Your assignment:
Each line from the start of the records through the line containing "settings Model: ExtModeTrigDuration=5" is to be transcribed exactly, and no other line is to be included.

Source material:
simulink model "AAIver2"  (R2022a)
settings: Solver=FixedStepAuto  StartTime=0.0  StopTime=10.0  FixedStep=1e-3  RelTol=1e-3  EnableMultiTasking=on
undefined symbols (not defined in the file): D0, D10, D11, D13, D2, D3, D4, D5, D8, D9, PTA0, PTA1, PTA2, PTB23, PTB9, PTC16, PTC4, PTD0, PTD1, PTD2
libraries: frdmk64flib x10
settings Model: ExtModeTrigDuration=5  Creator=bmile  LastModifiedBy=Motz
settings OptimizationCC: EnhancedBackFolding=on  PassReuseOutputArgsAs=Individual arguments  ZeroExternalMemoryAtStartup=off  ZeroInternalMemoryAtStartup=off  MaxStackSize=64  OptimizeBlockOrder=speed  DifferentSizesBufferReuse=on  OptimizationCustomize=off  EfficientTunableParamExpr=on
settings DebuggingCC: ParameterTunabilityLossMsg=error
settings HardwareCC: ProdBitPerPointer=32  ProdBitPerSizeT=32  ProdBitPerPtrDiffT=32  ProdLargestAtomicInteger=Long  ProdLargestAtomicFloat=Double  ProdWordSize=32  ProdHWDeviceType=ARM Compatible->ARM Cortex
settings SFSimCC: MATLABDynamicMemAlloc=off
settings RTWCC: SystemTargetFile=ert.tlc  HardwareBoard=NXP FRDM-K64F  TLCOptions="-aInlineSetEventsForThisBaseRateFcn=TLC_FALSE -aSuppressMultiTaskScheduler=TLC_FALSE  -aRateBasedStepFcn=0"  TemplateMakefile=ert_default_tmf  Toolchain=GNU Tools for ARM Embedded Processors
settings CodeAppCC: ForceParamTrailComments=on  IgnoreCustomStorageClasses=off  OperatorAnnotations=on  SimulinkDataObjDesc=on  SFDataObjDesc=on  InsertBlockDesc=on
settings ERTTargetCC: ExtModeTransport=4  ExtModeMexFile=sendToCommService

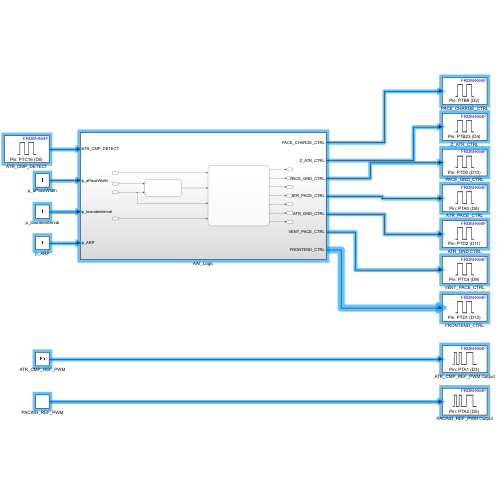
[thumbnail: Simulink's stored preview of the top-level diagram]
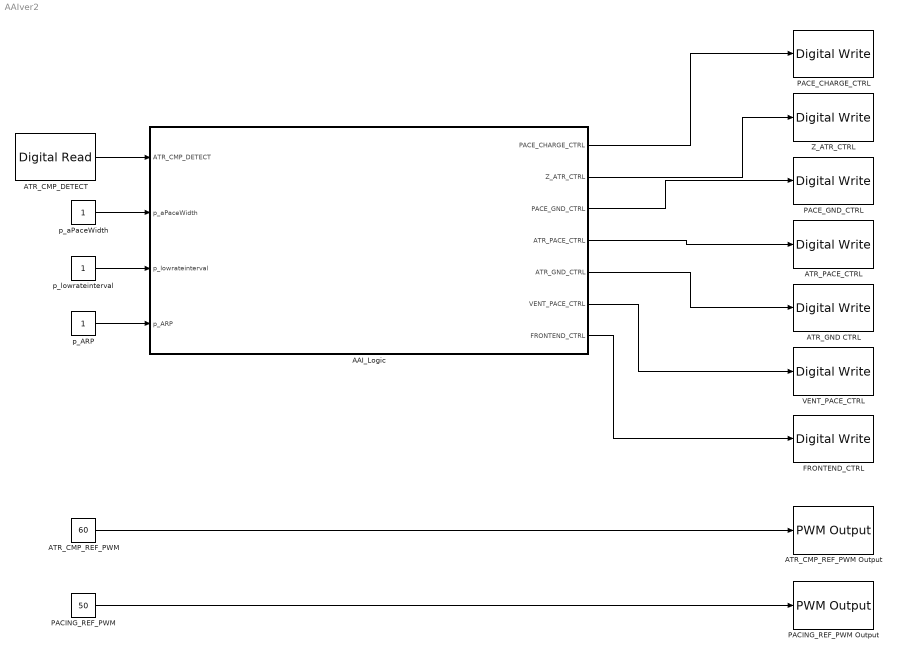
== system AAIver2 ==
  AAI_Logic : Subsystem
  ATR_CMP_DETECT : frdmk64flib/Digital Read  Whichpin=PTC16 (D0)  SampleTime=-1
  ATR_CMP_REF_PWM : Constant  Value=60
  ATR_CMP_REF_PWM Output : frdmk64flib/PWM Output  Whichpin=PTA1 (D3)  InitialFrequency=2000  InitialDutyCycle=0
  ATR_GND CTRL : frdmk64flib/Digital Write  Whichpin=PTD2 (D11)
  ATR_PACE_CTRL : frdmk64flib/Digital Write  Whichpin=PTA0 (D8)
  FRONTEND_CTRL : frdmk64flib/Digital Write  Whichpin=PTD1 (D13)
  PACE_CHARGE_CTRL : frdmk64flib/Digital Write  Whichpin=PTB9 (D2)
  PACE_GND_CTRL : frdmk64flib/Digital Write  Whichpin=PTD0 (D10)
  PACING_REF_PWM : Constant  Value=50
  PACING_REF_PWM Output : frdmk64flib/PWM Output  Whichpin=PTA2 (D5)  InitialFrequency=2000  InitialDutyCycle=0
  VENT_PACE_CTRL : frdmk64flib/Digital Write  Whichpin=PTC4 (D9)
  Z_ATR_CTRL : frdmk64flib/Digital Write  Whichpin=PTB23 (D4)
  p_ARP : Constant
  p_aPaceWidth : Constant
  p_lowrateinterval : Constant
  wires:
  PACING_REF_PWM/1 -> PACING_REF_PWM Output/1
  AAI_Logic/3(PACE_GND_CTRL) -> PACE_GND_CTRL/1
  AAI_Logic/2(Z_ATR_CTRL) -> Z_ATR_CTRL/1
  AAI_Logic/5(ATR_GND_CTRL) -> ATR_GND CTRL/1
  AAI_Logic/4(ATR_PACE_CTRL) -> ATR_PACE_CTRL/1
  p_ARP/1 -> AAI_Logic/4(p_ARP)
  p_lowrateinterval/1 -> AAI_Logic/3(p_lowrateinterval)
  AAI_Logic/6(VENT_PACE_CTRL) -> VENT_PACE_CTRL/1
  ATR_CMP_DETECT/1 -> AAI_Logic/1(ATR_CMP_DETECT)
  p_aPaceWidth/1 -> AAI_Logic/2(p_aPaceWidth)
  ATR_CMP_REF_PWM/1 -> ATR_CMP_REF_PWM Output/1
  AAI_Logic/1(PACE_CHARGE_CTRL) -> PACE_CHARGE_CTRL/1
  AAI_Logic/7(FRONTEND_CTRL) -> FRONTEND_CTRL/1

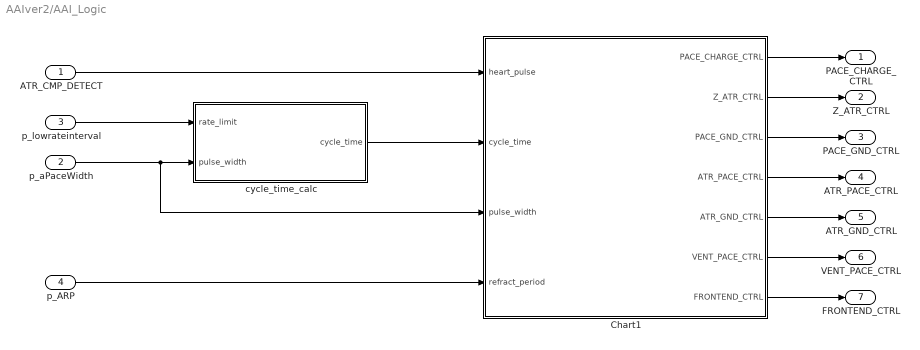
== system AAIver2/AAI_Logic ==
  ATR_CMP_DETECT : Inport
  p_aPaceWidth : Inport  Port=2
  p_lowrateinterval : Inport  Port=3
  p_ARP : Inport  Port=4
  Chart1 : Stateflow chart  TreatAsAtomicUnit=on
  cycle_time_calc : Stateflow chart  TreatAsAtomicUnit=on
  PACE_CHARGE_CTRL : Outport
  Z_ATR_CTRL : Outport  Port=2
  PACE_GND_CTRL : Outport  Port=3
  ATR_PACE_CTRL : Outport  Port=4
  ATR_GND_CTRL : Outport  Port=5
  VENT_PACE_CTRL : Outport  Port=6
  FRONTEND_CTRL : Outport  Port=7
  wires:
  cycle_time_calc/1(cycle_time) -> Chart1/2(cycle_time)
  Chart1/7(FRONTEND_CTRL) -> FRONTEND_CTRL/1
  Chart1/6(VENT_PACE_CTRL) -> VENT_PACE_CTRL/1
  Chart1/5(ATR_GND_CTRL) -> ATR_GND_CTRL/1
  Chart1/4(ATR_PACE_CTRL) -> ATR_PACE_CTRL/1
  Chart1/3(PACE_GND_CTRL) -> PACE_GND_CTRL/1
  Chart1/2(Z_ATR_CTRL) -> Z_ATR_CTRL/1
  Chart1/1(PACE_CHARGE_CTRL) -> PACE_CHARGE_CTRL/1
  p_ARP/1 -> Chart1/4(refract_period)
  p_aPaceWidth/1 -> Chart1/3(pulse_width), cycle_time_calc/2(pulse_width)
  p_lowrateinterval/1 -> cycle_time_calc/1(rate_limit)
  ATR_CMP_DETECT/1 -> Chart1/1(heart_pulse)

== stateflow chart AAIver2/AAI_Logic/cycle_time_calc ==
  state Calc_time
    entry:
    cycle_time=((1/rate_limit)*60000)-pulse_width
  (default) -> (junction 19)
  (junction 19) -> Calc_time
  data: rate_limit input; cycle_time output; pulse_width input

== stateflow chart AAIver2/AAI_Logic/Chart1 ==
  state Pulse_Sensed
    entry:
    FRONTEND_CTRL=false
  state Charging_Discharging
    entry:
    ATR_PACE_CTRL = false
    VENT_PACE_CTRL=false
    PACE_CHARGE_CTRL = true
    ATR_GND_CTRL = true
    PACE_GND_CTRL = true
    Z_ATR_CTRL=false
    FRONTEND_CTRL=true
  state Pace_Heart
    entry:
    ATR_PACE_CTRL = true
    PACE_CHARGE_CTRL = false
    PACE_GND_CTRL = true
    ATR_GND_CTRL = false
  Pulse_Sensed -> Charging_Discharging : after(refract_period,msec)
  (junction 34) -> Pulse_Sensed [order 2]
  (default) -> Charging_Discharging
  Charging_Discharging -> (junction 34)
  (junction 34) -> Pace_Heart [order 1] : [heart_pulse==true&&after(cycle_time,msec)]
  Pace_Heart -> Charging_Discharging : after(pulse_width,msec)
  data: heart_pulse input boolean; cycle_time input; PACE_CHARGE_CTRL output boolean; Z_ATR_CTRL output boolean; PACE_GND_CTRL output boolean; ATR_PACE_CTRL output boolean; ATR_GND_CTRL output boolean; pulse_width input; VENT_PACE_CTRL output boolean; refract_period input; FRONTEND_CTRL output boolean

Expected answer:
simulink model "AAIver2"  (R2022a)
settings: Solver=FixedStepAuto  StartTime=0.0  StopTime=10.0  FixedStep=1e-3  RelTol=1e-3  EnableMultiTasking=on
undefined symbols (not defined in the file): D0, D10, D11, D13, D2, D3, D4, D5, D8, D9, PTA0, PTA1, PTA2, PTB23, PTB9, PTC16, PTC4, PTD0, PTD1, PTD2
libraries: frdmk64flib x10
settings Model: ExtModeTrigDuration=5  Creator=bmile  LastModifiedBy=Motz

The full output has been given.